The clip finishes on the home stretch of the 400IM. She destroys the field in her last fifty meters, her split something outrageous. She touches the wall and rips her goggles off with a feral grin like she knew the outcome before the starting beep.
I’ve watched this clip a dozen times. Maybe more. Watched each individual race as well.
Studying her kick tempo. Her turn speed. Her finish mechanics.
That’s the excuse I’ve given myself anyway.
But the truth sits lower in my ribs…watching Whitney swim is the closest thing I’ve felt to joy in months. It’s unfair how effortless she makes fast look.
“I know,” I tell the cat, who hasn’t made a sound, but is staring like she can tell my pulse just changed. “Shut up.”
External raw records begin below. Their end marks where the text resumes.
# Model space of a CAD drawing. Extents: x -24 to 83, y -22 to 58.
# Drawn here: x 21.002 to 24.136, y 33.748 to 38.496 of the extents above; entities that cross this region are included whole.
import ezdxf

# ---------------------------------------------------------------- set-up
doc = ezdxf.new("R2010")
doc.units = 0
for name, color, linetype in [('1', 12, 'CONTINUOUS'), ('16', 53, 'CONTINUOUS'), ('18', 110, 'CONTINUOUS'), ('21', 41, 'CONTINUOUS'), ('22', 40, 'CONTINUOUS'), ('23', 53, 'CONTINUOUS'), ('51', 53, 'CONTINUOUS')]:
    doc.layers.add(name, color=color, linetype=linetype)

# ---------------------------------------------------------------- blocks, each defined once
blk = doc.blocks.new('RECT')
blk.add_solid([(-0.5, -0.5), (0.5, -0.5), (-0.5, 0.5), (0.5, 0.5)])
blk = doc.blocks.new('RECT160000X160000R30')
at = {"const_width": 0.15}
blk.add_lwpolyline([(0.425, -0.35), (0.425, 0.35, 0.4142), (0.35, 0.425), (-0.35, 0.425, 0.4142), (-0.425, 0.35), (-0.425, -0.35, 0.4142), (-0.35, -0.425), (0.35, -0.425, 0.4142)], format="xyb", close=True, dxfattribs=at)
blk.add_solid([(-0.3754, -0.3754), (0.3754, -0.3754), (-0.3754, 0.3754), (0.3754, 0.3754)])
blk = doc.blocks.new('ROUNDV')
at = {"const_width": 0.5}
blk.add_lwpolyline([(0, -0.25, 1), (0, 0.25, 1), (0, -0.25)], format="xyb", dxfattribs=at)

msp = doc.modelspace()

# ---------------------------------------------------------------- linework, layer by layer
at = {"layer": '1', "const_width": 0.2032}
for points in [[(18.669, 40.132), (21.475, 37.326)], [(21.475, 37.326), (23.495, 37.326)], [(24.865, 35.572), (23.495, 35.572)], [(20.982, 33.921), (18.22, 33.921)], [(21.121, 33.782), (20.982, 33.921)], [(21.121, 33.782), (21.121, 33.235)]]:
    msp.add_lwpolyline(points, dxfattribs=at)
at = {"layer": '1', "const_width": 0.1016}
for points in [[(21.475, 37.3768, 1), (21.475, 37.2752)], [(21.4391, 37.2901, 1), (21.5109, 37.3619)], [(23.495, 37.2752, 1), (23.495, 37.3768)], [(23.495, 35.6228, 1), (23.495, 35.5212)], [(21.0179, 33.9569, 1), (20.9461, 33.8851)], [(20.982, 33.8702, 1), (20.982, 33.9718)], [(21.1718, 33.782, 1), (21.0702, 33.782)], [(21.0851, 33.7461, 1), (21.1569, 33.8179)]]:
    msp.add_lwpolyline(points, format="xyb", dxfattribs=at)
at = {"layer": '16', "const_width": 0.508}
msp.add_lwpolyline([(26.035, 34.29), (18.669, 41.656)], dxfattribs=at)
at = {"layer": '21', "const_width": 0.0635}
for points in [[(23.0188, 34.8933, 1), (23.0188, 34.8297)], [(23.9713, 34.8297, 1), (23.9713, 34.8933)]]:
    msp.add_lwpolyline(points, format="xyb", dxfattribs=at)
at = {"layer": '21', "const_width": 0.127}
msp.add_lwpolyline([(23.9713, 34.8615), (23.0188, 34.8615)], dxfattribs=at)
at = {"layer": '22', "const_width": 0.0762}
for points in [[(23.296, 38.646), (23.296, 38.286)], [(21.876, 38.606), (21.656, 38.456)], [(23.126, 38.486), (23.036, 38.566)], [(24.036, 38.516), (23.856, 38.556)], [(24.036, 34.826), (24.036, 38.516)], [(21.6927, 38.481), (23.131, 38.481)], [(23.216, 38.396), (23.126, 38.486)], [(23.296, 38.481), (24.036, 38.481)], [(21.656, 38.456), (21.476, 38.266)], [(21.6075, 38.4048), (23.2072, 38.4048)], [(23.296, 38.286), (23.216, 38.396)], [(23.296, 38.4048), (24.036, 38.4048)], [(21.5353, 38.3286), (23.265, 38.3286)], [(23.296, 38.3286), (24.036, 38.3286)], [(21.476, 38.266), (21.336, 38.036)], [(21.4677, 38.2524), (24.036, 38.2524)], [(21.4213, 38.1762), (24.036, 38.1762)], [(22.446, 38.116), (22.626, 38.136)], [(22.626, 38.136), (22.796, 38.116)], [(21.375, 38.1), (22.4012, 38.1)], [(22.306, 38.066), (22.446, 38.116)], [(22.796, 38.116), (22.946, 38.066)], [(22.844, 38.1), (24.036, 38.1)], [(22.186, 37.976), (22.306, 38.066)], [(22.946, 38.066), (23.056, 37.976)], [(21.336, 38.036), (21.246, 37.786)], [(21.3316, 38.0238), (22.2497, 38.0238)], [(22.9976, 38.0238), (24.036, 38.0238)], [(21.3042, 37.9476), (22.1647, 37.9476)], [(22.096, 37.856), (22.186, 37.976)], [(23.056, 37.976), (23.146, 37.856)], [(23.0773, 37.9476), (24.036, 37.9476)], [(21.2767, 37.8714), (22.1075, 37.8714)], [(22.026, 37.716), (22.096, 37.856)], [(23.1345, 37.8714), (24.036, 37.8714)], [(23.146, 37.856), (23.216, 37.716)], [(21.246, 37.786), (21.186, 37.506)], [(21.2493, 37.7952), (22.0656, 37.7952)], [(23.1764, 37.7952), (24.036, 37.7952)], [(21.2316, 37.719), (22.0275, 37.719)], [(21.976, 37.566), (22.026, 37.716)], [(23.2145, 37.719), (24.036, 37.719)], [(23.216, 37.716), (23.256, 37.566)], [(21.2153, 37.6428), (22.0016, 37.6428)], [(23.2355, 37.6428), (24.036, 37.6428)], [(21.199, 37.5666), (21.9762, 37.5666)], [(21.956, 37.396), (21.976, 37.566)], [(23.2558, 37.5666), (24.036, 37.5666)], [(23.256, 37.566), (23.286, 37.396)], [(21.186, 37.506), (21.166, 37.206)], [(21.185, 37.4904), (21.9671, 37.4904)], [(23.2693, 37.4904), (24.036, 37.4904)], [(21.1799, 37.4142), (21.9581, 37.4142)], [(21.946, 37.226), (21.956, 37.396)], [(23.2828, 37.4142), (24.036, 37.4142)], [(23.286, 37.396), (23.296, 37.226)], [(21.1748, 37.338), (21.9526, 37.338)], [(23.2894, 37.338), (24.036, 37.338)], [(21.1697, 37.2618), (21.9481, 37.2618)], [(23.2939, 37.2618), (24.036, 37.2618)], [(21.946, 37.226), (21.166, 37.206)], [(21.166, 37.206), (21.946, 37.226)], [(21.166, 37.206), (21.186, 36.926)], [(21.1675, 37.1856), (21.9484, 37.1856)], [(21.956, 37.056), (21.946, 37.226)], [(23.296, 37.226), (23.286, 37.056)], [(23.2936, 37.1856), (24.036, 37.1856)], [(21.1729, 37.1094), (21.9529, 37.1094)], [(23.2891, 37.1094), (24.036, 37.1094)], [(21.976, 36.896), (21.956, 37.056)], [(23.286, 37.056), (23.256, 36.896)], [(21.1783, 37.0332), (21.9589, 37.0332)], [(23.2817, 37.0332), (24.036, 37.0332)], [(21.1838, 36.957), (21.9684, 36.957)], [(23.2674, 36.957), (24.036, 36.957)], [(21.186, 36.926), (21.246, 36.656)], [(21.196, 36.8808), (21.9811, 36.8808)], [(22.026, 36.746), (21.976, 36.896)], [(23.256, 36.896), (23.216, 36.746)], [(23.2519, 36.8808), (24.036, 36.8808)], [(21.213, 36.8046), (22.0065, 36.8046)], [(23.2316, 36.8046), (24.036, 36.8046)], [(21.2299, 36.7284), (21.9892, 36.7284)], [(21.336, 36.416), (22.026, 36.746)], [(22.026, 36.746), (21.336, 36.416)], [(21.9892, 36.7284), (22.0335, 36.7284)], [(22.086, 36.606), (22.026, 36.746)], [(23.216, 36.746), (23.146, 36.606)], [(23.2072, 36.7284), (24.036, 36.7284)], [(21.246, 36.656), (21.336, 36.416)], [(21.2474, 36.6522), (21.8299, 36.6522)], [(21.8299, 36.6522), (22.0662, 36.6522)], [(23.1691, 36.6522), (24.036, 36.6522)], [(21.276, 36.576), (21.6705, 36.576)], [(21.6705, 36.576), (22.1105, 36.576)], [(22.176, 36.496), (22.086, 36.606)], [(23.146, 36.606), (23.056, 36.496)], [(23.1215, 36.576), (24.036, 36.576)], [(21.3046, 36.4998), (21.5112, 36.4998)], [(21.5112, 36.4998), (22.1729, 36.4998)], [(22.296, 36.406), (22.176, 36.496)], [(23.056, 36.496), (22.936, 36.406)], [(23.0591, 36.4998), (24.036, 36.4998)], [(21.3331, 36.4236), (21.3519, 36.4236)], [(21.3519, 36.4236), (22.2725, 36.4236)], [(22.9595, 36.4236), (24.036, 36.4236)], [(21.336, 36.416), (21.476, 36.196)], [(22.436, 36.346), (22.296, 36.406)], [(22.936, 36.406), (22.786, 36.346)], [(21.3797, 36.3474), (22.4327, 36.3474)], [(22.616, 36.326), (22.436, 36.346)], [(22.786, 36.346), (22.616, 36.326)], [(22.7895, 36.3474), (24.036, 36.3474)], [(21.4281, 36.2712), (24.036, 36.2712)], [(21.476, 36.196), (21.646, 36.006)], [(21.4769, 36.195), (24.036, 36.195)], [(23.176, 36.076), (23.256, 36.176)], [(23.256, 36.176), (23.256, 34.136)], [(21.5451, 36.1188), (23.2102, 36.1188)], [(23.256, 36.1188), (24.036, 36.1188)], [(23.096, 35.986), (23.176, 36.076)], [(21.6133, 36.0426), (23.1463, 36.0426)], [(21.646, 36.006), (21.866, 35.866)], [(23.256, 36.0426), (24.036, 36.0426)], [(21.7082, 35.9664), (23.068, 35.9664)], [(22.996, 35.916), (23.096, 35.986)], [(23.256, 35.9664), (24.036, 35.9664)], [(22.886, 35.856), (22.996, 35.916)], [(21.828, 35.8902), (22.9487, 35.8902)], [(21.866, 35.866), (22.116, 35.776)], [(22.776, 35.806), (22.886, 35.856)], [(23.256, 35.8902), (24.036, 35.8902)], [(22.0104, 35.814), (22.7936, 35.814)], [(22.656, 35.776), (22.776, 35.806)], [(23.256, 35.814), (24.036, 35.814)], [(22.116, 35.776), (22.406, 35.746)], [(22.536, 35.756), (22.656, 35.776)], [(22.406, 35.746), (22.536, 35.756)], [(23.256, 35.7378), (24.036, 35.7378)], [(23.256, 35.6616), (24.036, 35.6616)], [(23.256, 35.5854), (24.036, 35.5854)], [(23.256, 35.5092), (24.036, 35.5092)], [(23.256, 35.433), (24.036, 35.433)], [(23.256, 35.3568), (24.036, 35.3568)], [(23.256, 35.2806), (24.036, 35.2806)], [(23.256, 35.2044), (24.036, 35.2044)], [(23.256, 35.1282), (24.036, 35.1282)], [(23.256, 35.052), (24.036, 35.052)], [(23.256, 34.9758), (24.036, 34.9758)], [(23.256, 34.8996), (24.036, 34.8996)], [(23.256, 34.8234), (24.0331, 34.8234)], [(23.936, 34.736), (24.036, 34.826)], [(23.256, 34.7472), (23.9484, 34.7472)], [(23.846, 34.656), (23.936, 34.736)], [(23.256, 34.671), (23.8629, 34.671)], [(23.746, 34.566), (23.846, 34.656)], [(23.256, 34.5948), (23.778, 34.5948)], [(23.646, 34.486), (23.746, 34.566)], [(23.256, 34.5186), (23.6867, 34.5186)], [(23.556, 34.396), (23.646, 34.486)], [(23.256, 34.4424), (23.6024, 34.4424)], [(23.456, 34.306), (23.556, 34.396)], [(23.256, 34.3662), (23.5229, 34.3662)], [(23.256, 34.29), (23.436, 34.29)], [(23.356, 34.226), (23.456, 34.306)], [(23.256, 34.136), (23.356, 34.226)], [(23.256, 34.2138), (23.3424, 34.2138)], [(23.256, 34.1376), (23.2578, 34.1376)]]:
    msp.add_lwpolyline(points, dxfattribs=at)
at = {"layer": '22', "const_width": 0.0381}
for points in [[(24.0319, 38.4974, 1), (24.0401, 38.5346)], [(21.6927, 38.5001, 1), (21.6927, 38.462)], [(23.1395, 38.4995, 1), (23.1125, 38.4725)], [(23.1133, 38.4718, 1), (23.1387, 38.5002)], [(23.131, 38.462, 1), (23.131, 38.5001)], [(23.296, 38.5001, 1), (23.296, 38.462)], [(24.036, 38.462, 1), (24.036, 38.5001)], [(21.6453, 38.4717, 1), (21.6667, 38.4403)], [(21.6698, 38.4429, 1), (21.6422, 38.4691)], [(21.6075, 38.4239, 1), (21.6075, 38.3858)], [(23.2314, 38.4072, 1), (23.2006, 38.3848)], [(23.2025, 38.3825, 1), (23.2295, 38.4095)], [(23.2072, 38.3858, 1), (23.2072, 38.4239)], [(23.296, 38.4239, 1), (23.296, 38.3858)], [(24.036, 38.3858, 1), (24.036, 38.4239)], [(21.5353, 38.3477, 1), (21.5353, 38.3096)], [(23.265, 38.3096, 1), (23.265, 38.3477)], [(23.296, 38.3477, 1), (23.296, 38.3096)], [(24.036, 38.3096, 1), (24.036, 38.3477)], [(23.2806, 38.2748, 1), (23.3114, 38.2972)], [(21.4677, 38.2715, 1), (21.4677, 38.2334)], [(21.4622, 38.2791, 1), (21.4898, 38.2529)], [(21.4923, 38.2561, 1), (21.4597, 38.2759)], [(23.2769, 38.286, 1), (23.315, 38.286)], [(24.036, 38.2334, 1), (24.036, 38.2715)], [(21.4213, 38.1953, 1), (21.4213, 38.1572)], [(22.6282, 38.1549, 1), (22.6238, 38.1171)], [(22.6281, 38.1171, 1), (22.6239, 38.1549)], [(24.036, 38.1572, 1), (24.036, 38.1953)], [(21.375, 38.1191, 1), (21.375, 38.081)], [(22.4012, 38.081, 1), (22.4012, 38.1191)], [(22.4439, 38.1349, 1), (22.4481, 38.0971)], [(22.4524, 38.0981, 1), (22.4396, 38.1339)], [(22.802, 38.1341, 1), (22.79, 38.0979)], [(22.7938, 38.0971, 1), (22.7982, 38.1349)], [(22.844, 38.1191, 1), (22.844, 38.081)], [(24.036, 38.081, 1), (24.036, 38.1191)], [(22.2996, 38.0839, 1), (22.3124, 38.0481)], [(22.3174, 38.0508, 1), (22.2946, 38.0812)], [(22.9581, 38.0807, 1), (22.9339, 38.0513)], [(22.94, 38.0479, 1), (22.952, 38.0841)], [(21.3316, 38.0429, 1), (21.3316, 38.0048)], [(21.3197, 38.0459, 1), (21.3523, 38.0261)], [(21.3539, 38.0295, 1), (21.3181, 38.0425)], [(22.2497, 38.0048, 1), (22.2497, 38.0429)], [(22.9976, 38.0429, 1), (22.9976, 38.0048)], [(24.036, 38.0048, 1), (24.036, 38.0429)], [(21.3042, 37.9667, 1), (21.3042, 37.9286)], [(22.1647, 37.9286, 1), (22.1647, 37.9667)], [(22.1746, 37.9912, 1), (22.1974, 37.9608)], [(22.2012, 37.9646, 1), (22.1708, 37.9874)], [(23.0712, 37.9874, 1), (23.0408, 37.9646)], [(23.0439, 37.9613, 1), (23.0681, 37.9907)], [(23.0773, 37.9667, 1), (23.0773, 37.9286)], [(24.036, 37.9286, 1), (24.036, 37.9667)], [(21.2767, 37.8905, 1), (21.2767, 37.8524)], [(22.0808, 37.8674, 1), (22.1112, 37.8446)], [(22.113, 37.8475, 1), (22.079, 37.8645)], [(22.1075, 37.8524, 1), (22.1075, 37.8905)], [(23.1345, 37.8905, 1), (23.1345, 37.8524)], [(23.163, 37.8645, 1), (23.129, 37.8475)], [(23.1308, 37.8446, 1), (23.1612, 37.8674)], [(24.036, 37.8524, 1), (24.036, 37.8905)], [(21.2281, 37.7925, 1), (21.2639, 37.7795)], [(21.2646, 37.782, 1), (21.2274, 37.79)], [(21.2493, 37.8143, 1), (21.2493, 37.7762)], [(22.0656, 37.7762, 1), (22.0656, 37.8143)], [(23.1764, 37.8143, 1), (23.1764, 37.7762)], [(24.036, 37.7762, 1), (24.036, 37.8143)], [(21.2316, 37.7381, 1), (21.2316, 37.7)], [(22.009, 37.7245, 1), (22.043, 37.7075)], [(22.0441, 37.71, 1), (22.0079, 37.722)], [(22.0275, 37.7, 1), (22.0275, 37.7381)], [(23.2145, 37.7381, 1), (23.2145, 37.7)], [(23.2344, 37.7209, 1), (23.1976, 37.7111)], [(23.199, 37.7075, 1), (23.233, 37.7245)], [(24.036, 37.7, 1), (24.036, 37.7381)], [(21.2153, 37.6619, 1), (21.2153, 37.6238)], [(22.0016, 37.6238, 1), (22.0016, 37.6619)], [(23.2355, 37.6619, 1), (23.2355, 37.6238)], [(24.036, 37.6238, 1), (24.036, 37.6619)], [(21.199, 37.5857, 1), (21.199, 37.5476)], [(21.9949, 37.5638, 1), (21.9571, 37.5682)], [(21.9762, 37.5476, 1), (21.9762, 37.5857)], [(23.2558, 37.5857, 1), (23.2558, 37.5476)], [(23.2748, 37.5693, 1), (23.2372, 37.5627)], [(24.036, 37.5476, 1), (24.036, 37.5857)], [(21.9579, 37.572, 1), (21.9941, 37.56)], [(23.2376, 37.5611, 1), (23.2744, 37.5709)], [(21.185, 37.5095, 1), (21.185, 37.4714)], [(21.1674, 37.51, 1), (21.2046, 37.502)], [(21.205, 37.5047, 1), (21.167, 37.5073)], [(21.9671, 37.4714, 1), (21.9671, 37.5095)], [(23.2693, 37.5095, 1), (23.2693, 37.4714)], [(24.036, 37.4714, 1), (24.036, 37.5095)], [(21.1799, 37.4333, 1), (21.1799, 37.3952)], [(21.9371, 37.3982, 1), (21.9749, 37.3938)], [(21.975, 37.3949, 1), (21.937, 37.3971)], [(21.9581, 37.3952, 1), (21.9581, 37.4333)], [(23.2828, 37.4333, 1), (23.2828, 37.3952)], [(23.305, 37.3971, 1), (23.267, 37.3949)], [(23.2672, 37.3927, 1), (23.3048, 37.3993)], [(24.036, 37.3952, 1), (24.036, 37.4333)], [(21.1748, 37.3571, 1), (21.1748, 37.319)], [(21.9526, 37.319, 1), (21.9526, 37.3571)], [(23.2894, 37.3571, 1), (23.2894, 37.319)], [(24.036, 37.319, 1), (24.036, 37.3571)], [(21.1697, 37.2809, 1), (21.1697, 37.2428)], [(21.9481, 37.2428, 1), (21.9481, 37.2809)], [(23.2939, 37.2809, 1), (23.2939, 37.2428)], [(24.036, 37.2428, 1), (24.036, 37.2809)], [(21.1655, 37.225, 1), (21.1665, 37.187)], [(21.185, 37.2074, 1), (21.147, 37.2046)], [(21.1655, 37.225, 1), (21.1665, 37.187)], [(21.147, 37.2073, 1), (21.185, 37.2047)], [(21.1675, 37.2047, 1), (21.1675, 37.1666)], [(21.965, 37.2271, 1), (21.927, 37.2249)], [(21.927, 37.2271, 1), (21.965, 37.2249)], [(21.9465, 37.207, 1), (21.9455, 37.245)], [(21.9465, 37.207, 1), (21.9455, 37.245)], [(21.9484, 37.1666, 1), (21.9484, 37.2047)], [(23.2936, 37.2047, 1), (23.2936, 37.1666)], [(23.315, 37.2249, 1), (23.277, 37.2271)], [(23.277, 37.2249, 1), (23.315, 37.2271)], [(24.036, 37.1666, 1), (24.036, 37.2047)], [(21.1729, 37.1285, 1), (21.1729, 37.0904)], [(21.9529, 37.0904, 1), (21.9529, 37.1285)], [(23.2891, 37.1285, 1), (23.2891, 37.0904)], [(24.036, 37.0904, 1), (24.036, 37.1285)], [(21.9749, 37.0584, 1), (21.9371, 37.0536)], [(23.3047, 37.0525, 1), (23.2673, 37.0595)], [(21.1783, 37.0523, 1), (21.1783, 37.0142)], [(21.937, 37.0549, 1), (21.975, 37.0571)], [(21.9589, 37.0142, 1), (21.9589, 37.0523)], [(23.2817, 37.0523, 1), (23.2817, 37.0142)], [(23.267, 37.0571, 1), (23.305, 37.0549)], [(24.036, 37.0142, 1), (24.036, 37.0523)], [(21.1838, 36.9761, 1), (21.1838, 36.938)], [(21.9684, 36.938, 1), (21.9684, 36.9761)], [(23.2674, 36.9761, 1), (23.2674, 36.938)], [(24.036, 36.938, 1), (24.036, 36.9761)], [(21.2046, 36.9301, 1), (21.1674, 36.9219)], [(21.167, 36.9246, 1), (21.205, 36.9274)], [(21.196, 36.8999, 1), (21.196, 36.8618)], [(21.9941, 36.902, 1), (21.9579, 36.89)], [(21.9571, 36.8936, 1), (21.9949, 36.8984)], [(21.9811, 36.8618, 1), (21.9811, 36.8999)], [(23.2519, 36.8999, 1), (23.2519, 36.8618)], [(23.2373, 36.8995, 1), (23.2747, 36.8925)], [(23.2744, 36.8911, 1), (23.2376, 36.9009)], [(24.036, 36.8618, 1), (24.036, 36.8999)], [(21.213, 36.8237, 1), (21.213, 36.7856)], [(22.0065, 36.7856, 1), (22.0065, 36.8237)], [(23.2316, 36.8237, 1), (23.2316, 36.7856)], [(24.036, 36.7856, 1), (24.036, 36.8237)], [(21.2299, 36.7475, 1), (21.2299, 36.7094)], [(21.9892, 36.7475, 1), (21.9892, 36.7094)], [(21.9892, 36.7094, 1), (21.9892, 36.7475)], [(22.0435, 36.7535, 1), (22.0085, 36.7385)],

I snap the laptop shut before I can hit replay for the thirteenth time. The cat blinks at me like she’d already tallied the count.
There was a time when this kind of restlessness would’ve sent me looking for noise.
A flight. A party. A body to disappear into for the night.
It always worked. Until it didn’t.
Now I just sit here, coffee cooling on the table, a stray cat judging my life choices, and the unsettling awareness that I don’t actually want any of the things that used to fix this feeling.